Y a partir de este convencimiento será la ministra de Transición Ecológica, Teresa Ribera, quien siga azuzando el camino de pacto verde europeo y coordine la fase de desescalada que nos saque del confinamiento.


Una ministra, la del agua, la energía, la del clima, la de la España vaciada que ya ve en las bicicletas el medio de transporte sostenible que minimice el roce en el transporte colectivo de las grandes ciudades cuando todo vuelva a bullir.

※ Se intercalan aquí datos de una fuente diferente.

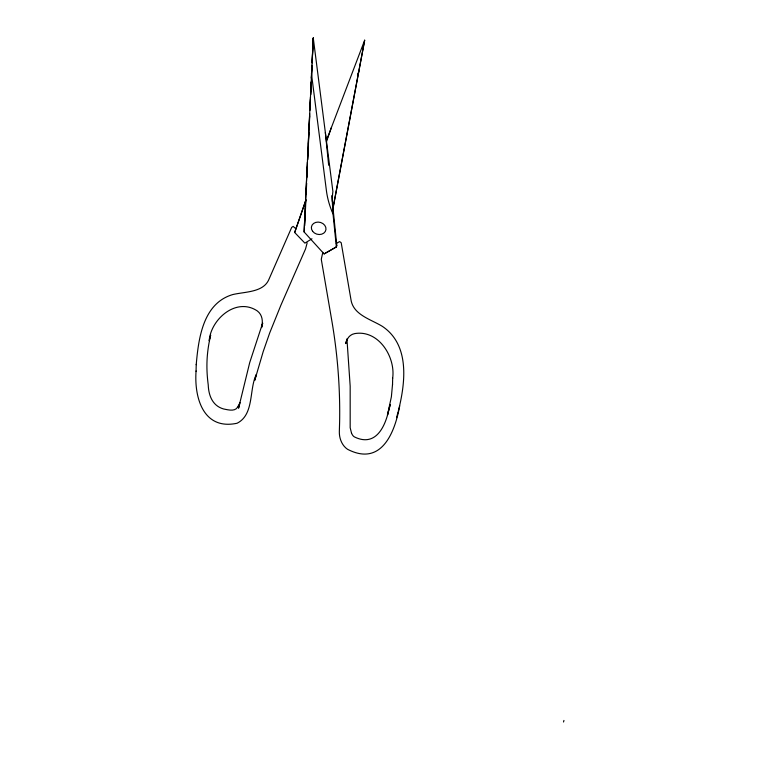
<?xml version="1.0" encoding="UTF-8"?>
<svg xmlns="http://www.w3.org/2000/svg" width="760" height="760" viewBox="0 0 760 760"><rect width="100%" height="100%" fill="white"/><g stroke="black" fill="none" stroke-linecap="round" stroke-linejoin="round"><path stroke-width="1.14" d="M307.154 242.848L305.548 248.928L280.934 305.111L269.733 332.842L263.188 351.642L254.771 380.266L256.224 374.709C249.005 389.358 254.344 414.599 237.091 423.244C203.395 430.502 194.094 397.822 196.07 370.994M196.222 364.676C198.512 338.438 202.977 303.316 232.74 294.566C245.632 291.545 263.863 292.524 269.154 278.834L291.678 227.411L293.151 226.394L295.678 228.608M392.53 384.617L392.663 378.024M196.061 371.288L196.232 364.382M304.104 231.942L313.262 38L332.889 191.444A94.42 78.28 14.7 0 0 332.32 200.089L332.348 201.837A94.42 78.28 14.7 0 0 333.431 212.315L336.775 245.347L336.395 246.943L324.102 253.916L304.104 231.942L307.391 162.174M304.722 225.663L305.149 216.22M305.472 209.142L305.9 199.7M306.175 193.8L306.66 183.179M306.926 177.27L307.41 166.649M307.733 159.571L308.161 150.129M308.427 144.229L308.969 132.42M309.177 127.699L309.719 115.9M309.985 110.001L310.469 99.379M310.678 94.658L311.22 82.849M311.429 78.128L311.97 66.329M307.505 159.809L309.681 113.686M309.852 110.133L310.469 97.128M310.574 94.762L311.191 81.757M311.363 78.204L311.97 65.198M392.53 384.322L391.381 396.805L387.448 415.122L390.241 404.529L389.053 409.089M346.969 339.292L350.17 386.147L350.18 427.766L351.557 433.285M332.433 211.565L364.676 40.194L326.477 140.467M332.462 210.862L364.676 40.194M398.259 411.359C405.327 383.277 410.257 345.163 382.46 326.42C370.804 319.228 353.01 314.858 350.92 299.373L341.202 242.744L339.635 241.594L336.243 243.456M239.732 403.74L238.564 408.187L249.717 362.577L262.589 323.294M262.723 323.171L261.554 327.617C263.112 321.755 262.599 314.868 257.269 310.916C236.227 296.885 210.814 319.305 209.2 340.689L210.653 335.131C206.596 352.621 205.931 367.441 208.23 384.873C208.611 395.409 212.42 405.764 223.468 408.937C228.152 409.868 234.764 411.787 237.557 407.246M294.68 232.503L305.852 200.174L294.68 232.503L304.883 243.124L311.97 238.792M322.82 252.339L321.271 259.284L331.901 321.214C337.582 354.464 340.233 388.236 339.615 421.971L339.34 431.699C339.169 438.292 341.915 445.502 347.538 449.293C381.283 466.744 394.81 432.82 399.712 405.802M324.102 253.916L336.366 246.905L333.022 213.873L333.431 212.315M336.366 246.905L336.775 245.347M346.959 338.979L345.752 343.577C346.892 338.637 349.543 334.58 354.711 333.602C378.527 329.507 395.703 356.905 392.654 378.318M396.568 417.696L398.031 412.138M563.531 722L563.939 720.442M388.901 409.564C385.215 426.769 375.715 447.155 354.663 437.038C352.953 436.278 352.127 434.349 351.557 433.295M240.027 402.629L237.557 407.236M326.401 141.825L331.445 127.414M357.494 74.964L358.758 71.649M311.41 73.359L326.401 190.57A106.362 88.179 14.7 0 0 333.022 213.873M325.346 132.516L328.672 165.281M331.749 195.709L332.338 201.561M313.262 38L312.132 62.785L313.262 38M312.626 231.325A7.401 6.137 14.7 0 0 325.28 231.505A7.401 6.137 14.7 0 0 318.117 222.082A7.401 6.137 14.7 0 0 312.626 231.325"/></g></svg>

Una idea que surge en Francia y que Madrid, por boca de su alcalde Martínez Almeida adelanta desde el lunes para dar la oportunidad a los madrileños de evitar los transportes municipales que no dejan e ser caldo de cultivo donde recolectar el virus.
Y hablando de cultivos, abril va dejando aguas mil, en unos campos que temiendo por la falta de mano de obra para sus cosechas logró flexibilizar las normas de contratación favoreciendo el acceso al campo a parte de esos trabajadores que perdieron su empleo por la pandemia y que en las próximas semanas podrán contribuir a recolectar las frutas de verano que hayan resistido las granizadas de los últimos días.
Un campo que no ha dejado de proveer a los supermercados de todos esos alimentos que llenan nuestras neveras y nos recuerdan la importancia de contar con un tejido productivo autosuficiente en lo esencial para que no nos vuelva a pasar como con la industria sanitaria, que por su deslocalización ha dejado a cuerpo descubierto nuestra primera línea de combate.
Y hablando de deslocalización eso es lo que temen las grandes ingenierías españolas que ya ven cerca una crisis de inversión en infraestructuras civiles similar a la de 2008. Las nuevas prioridades que ha puesto sobre la mesa el coronavirus hará más complicado todavía apostar por la adaptación de carreteras, puertos, presas, líneas de ferrocarril a un cambio climático para el que no están preparadas y que pondrán a prueba nuestra resiliencia cuando el planeta vuelva a quejarse de sus dolencias.
Y la ciencia a mil corre en busca de la vacuna, vacuna para la enfermedad y para las secuelas económicas. Se esfuerza en conocer un virus enigmático que va arrasando en todo el mundo, un virus que prefiere el frío y que se debilita con calor y humedad como anticipa la Agencia Estatal de Meteorología; un virus matemático un virus de origen animal que nos recuerda lo que somos.
Y una ciencia que se esfuerza en buscar soluciones digitales para controlar esta y futuras pandemias, porque ya nada será igual y aunque dejemos de salir al balcón para relajar los miedos y comulgar con el resto de los vecinos en los que ahora reparamos, la realidad será distinta, la forma de relacionarnos también y el miedo tardará en salir de nuestras vidas aunque nosotros salgamos por fin de nuestras casas.